Microsoft Azure Sphere Security Monitor SMSyscallCommitImageStaging stage-without-manifest denial of service vulnerability (TALOS-2021-1341)
The Trusted Keystore is used for image verification at boot time and when installing images. It’s possible to flash any Microsoft-signed Trusted Keystore without the need to flash a related base manifest. This can be used to flash an old Trusted Keystore from version 20.01 that prevents any further verification of the installed firmware images, preventing the device from booting. This is a denial-of-service that requires manual recovery.
Note: This vulnerability is theoretical and was discovered in development mode but has not been confirmed in pre-production or production environments by either Talos or Microsoft. See the advisory for more details.
Microsoft Azure Sphere Security Monitor SMSyscallCommitImageStaging 1BL firmware downgrade vulnerability (TALOS-2021-1344)
The 1BL is the bootloader used by Azure Sphere. A new version is usually flashed on every firmware upgrade. This vulnerability shows that it is possible to install any 1BL version (thus it’s possible to downgrade its version) by staging the corresponding recovery manifest, which is found in every firmware release. This would allow an attacker to downgrade the 1BL and target older issues in the code.

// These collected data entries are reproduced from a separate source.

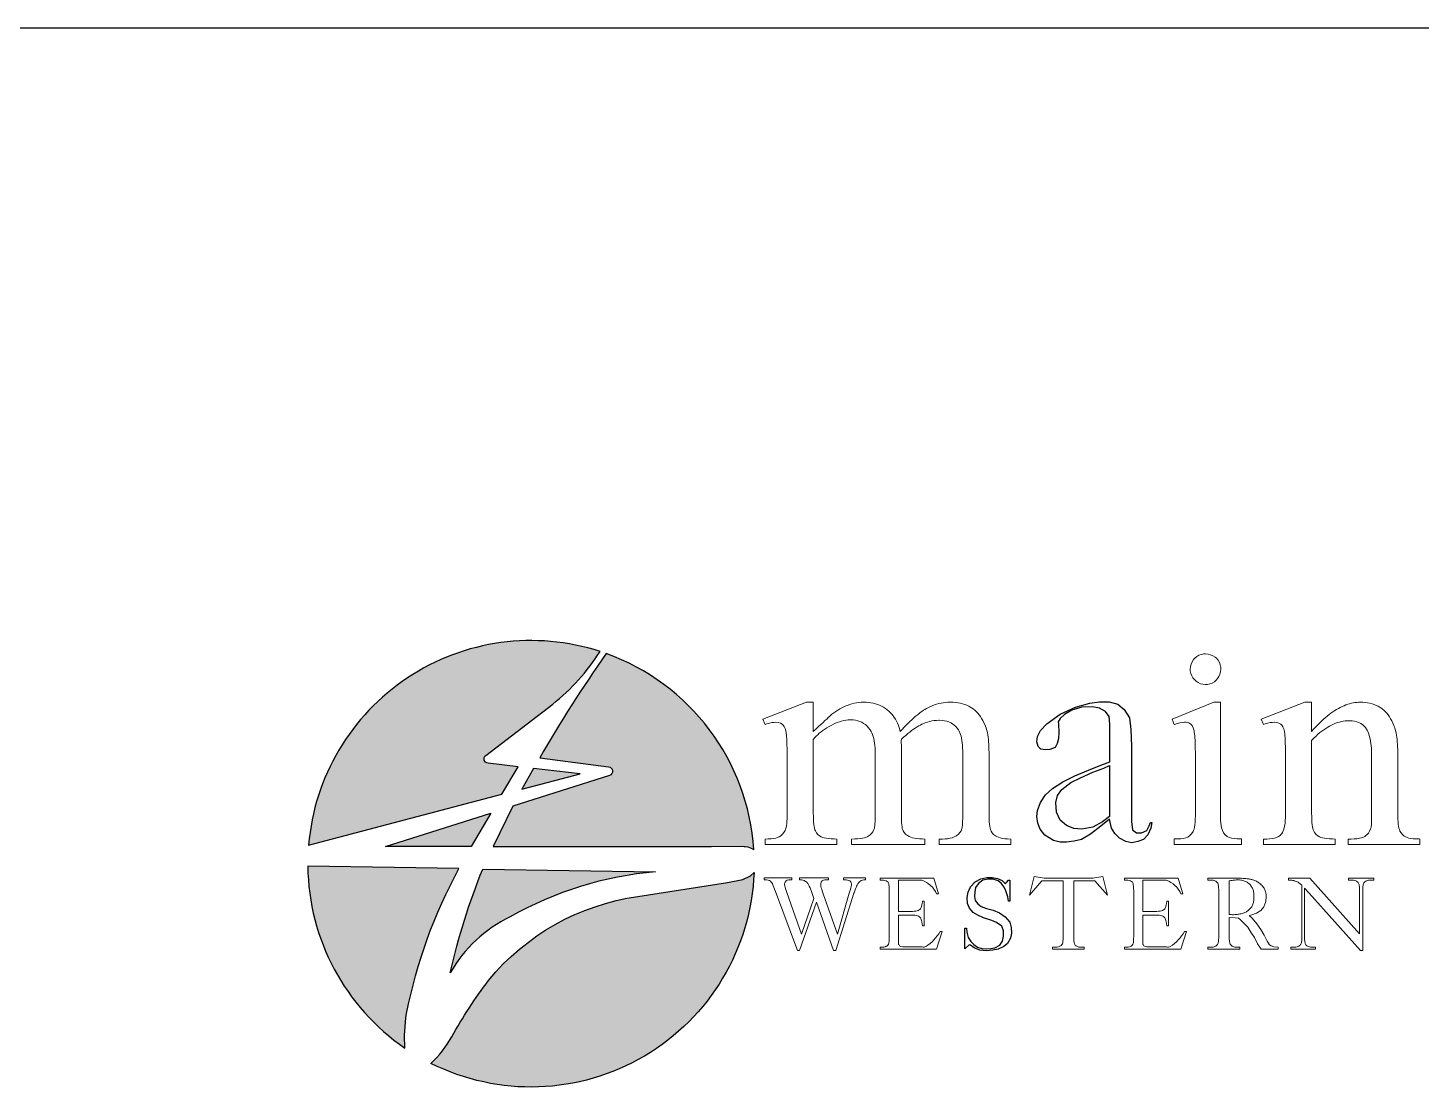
# Model space of a CAD drawing. Extents: x 79 to 946, y -1483 to 269.
# Drawn here: x 225.81 to 262.16, y 241.82 to 269.45 of the extents above; entities that cross this region are included whole.
import ezdxf

# ---------------------------------------------------------------- set-up
doc = ezdxf.new("R2010")
doc.units = 0
doc.header["$LTSCALE"] = 12
doc.header["$MEASUREMENT"] = 0
doc.layers.add('L18', color=4, linetype='CONTINUOUS')
doc.layers.add('L35', color=3, linetype='CONTINUOUS')

msp = doc.modelspace()

# ---------------------------------------------------------------- hatches: boundary and pattern name
at = {"layer": 'L18'}
h = msp.add_hatch(color=256, dxfattribs=at)
h.paths.add_polyline_path([(238.6969197665904, 249.5945348429477), (240.2171884276601, 249.992366336386), (239.0015971372323, 250.1333450653365)], flags=17)
edge = h.paths.add_edge_path()
edge.add_arc((240.9482793808751, 250.0596838122177), 0.1160984471634463, -72.43402750835162, 84.16995513600762, ccw=False)
edge.add_line((240.9833183270285, 249.948999026966), (238.4617830353769, 249.150768817573))
edge.add_line((238.4617830353769, 249.150768817573), (237.948859942145, 248.0997335945285))
edge.add_line((237.948859942145, 248.0997335945285), (243.6437927135752, 248.0997335945285))
edge.add_line((243.6437927135752, 248.0997335945285), (244.4451901715425, 248.105828763012))
edge.add_line((244.4451901715425, 248.105828763012), (244.5935971082032, 248.0888753137041))
edge.add_line((244.5935971082032, 248.0888753137041), (244.7208030722185, 248.0337767476778))
edge.add_line((244.7208030722185, 248.0337767476778), (244.7469563397594, 248.0138591002228))
edge.add_arc((238.9348683462439, 247.6442015614847), 5.823831517163978, 3.639196008651491, 70.31584323591849)
edge.add_arc((269.4228731204193, 233.0257272312078), 34.8975858862303, 144.8283521343727, 150.1242407853349)
edge.add_line((239.1629121437497, 250.4089450684568), (240.9600724266889, 250.1751817494469))
edge = h.paths.add_edge_path()
edge.add_line((241.7227909925753, 246.7907075265249), (244.0633746685339, 247.1576983026668))
edge.add_line((244.0633746685339, 247.1576983026668), (244.4621510009162, 247.2369659488295))
edge.add_line((244.4621510009162, 247.2369659488295), (244.6614402975543, 247.3344480969186))
edge.add_line((244.6614402975543, 247.3344480969186), (244.7542632748521, 247.4169215465197))
edge.add_arc((238.9348683462439, 247.6442015614847), 5.823831517163968, 243.3466538291712, 357.76341514052234, ccw=False)
edge.add_arc((234.4900219828453, 244.4419196623275), 2.714441092428617, 312.456376861534, 331.0679370383534)
edge.add_arc((247.9970421728928, 236.9222400701631), 12.74471940252401, 142.9365306610593, 150.8572845283922, ccw=False)
edge.add_arc((242.5787677553933, 240.7033197244501), 6.147274719038793, 98.00415526030878, 140.6206044735293, ccw=False)
edge = h.paths.add_edge_path()
edge.add_arc((242.9951239006006, 238.1162752782602), 9.355632050183559, 94.95558767717056, 119.4817605296804)
edge.add_arc((239.9674355692276, 243.007830094997), 3.614622359136672, 115.8608776244926, 150.2339024950948)
edge.add_arc((253.2717031407917, 241.1349880110969), 16.84600970199003, 157.7678270922697, 167.4260816587387, ccw=False)
edge.add_line((237.6780549015712, 247.5088547708432), (242.1869514252579, 247.436935571851))
edge = h.paths.add_edge_path()
edge.add_line((237.0550345884546, 247.5187922625643), (233.1113722694822, 247.5816956877341))
edge.add_arc((238.9348683462439, 247.6442015614847), 5.823831517163986, 180.6149545210217, 235.6099624310392)
edge.add_arc((239.7272321755171, 243.0956085521583), 4.089902477090581, 170.908838577294, 183.6069330259946, ccw=False)
edge.add_arc((248.7580607340153, 241.1495621395835), 13.32396012164415, 151.4432932555133, 168.781133068374, ccw=False)
edge = h.paths.add_edge_path()
edge.add_arc((235.9656633798222, 256.2438959333606), 5.669991163727373, 308.5792749707476, 327.3143666867405)
edge.add_arc((238.9348683462439, 247.6442015614847), 5.823831517163996, 71.96628684557854, 175.1894129731959)
edge.add_line((233.1315519722833, 248.1325995590571), (238.1743197988621, 249.4572559854814))
edge.add_line((238.1743197988621, 249.4572559854814), (238.5992368669158, 250.1756304643901))
edge.add_line((238.5992368669158, 250.1756304643901), (237.8130990712282, 250.2666174003565))
edge.add_arc((237.8264471043893, 250.381945972031), 0.1160984471634436, 127.45537385833981, 263.3980085784001, ccw=False)
edge.add_line((237.7558426089546, 250.4741080827825), (239.5014520902287, 251.8114025050397))
h.paths.add_polyline_path([(235.1416601228516, 248.0997335945285), (237.8850393482416, 248.9681918630991), (237.37134801866, 248.0997335945285)])
edge = h.paths.add_edge_path(flags=17)
edge.add_line((244.4985459970528, 248.0997335945285), (244.5243303717034, 248.0997335945285))

# ---------------------------------------------------------------- linework, layer by layer
msp.add_line((244.4985459970528, 248.0997335945285), (244.5243303717034, 248.0997335945285), dxfattribs=at)
for points in [[(239.5014520902287, 251.8114025050397, 0.08192984223123395), (240.7377900021636, 253.1819345852886, 0.483543382190624), (233.1315519722833, 248.1325995590571), (238.1743197988621, 249.4572559854814), (238.5992368669158, 250.1756304643901), (237.8130990712282, 250.2666174003565, -0.6741443966538361), (237.7558426089546, 250.4741080827825)], [(240.9600724266889, 250.1751817494469, -0.8141568920977668), (240.9833183270285, 249.948999026966), (238.4617830353769, 249.150768817573), (237.948859942145, 248.0997335945285), (243.6437927135752, 248.0997335945285), (244.4451901715425, 248.105828763012), (244.5935971082032, 248.0888753137041), (244.7208030722185, 248.0337767476778), (244.7469563397594, 248.0138591002228, 0.2994277993081123), (240.8965381302608, 253.1277100367939, 0.02311178721620554), (239.1629121437497, 250.4089450684568)], [(237.0550345884546, 247.5187922625643), (233.1113722694822, 247.5816956877341, 0.2446753569963442), (235.6454312913188, 242.8383075341472, -0.05546265415039397), (235.6887062647066, 243.7418366386913, -0.07579524506486658)], [(241.7227909925753, 246.7907075265249), (244.0633746685339, 247.1576983026668), (244.4621510009162, 247.2369659488295), (244.6614402975543, 247.3344480969186), (244.7542632748521, 247.4169215465197, -0.5453125784479379), (236.3223475512153, 242.439228109501, 0.08138724002746317), (236.8656843857327, 243.1287484656542, -0.03457457551389917), (237.8271593297372, 244.6034740599306, -0.188122601421096)], [(242.1869514252579, 247.436935571851, 0.1074260239421284), (238.3907826390554, 246.2604690754174, 0.1511153897803107), (236.8297287758825, 244.8023469876917, -0.04216705076793043), (237.6780549015712, 247.5088547708432)]]:
    msp.add_lwpolyline(points, format="xyb", close=True, dxfattribs=at)
at = {"layer": 'L18', "lineweight": 0}
for points in [[(256.536376532582, 253.1208895847332), (256.4884627094381, 253.1184450019198), (256.421970056912, 253.1062220878524), (256.3603665700127, 253.0832430094059), (256.3041411653032, 253.0504855997055), (256.2528049262204, 253.0064831090632), (256.2205364330828, 252.970303283424), (256.1828898577555, 252.9150557118398), (256.1564883633701, 252.8554078911913), (256.1403541168012, 252.7913598214786), (256.1349760346116, 252.7234004192644), (256.1374206174251, 252.6749976795579), (256.150132448055, 252.6099717767198), (256.174089359627, 252.5488572063833), (256.2078246024528, 252.4926318016736), (256.2528049262204, 252.4398288129029), (256.2889847518597, 252.4075603197652), (256.3442323234439, 252.3699137444379), (256.4038801440924, 252.3435122500525), (256.4679282138051, 252.3273780034837), (256.536376532582, 252.321999921294), (256.5842903557258, 252.3244445041075), (256.6493162585639, 252.3376452513002), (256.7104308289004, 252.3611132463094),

Note: This vulnerability is theoretical and was discovered in development mode but has not been confirmed in pre-production or production environments by either Talos or Microsoft. See the advisory for more details.
Microsoft issued the following statement on the two vulnerabilities listed above:
We thank Cisco Talos for sharing their continued research into Azure Sphere, which first started during the Azure Sphere Security Research Challenge in 2020. After reviewing the findings on TALOS-2021-1341 and TALOS-2021-1344, Microsoft believes the approach described is implemented by design and does not present a security risk to customer production environments. For more information on our conclusion, please read our full statement on these Cisco Talos advisories.
Coverage
The following SNORTⓇ rules will detect exploitation attempts. Note that additional rules may be released at a future date and current rules are subject to change pending additional vulnerability information. For the most current rule information, please refer to your Cisco Secure Firewall or Snort.org.
Snort Rules: 57745-57746, 57266-57267, 57747-57748, 57888-57889, 57899-57900, 57934-57935, 57963-57964.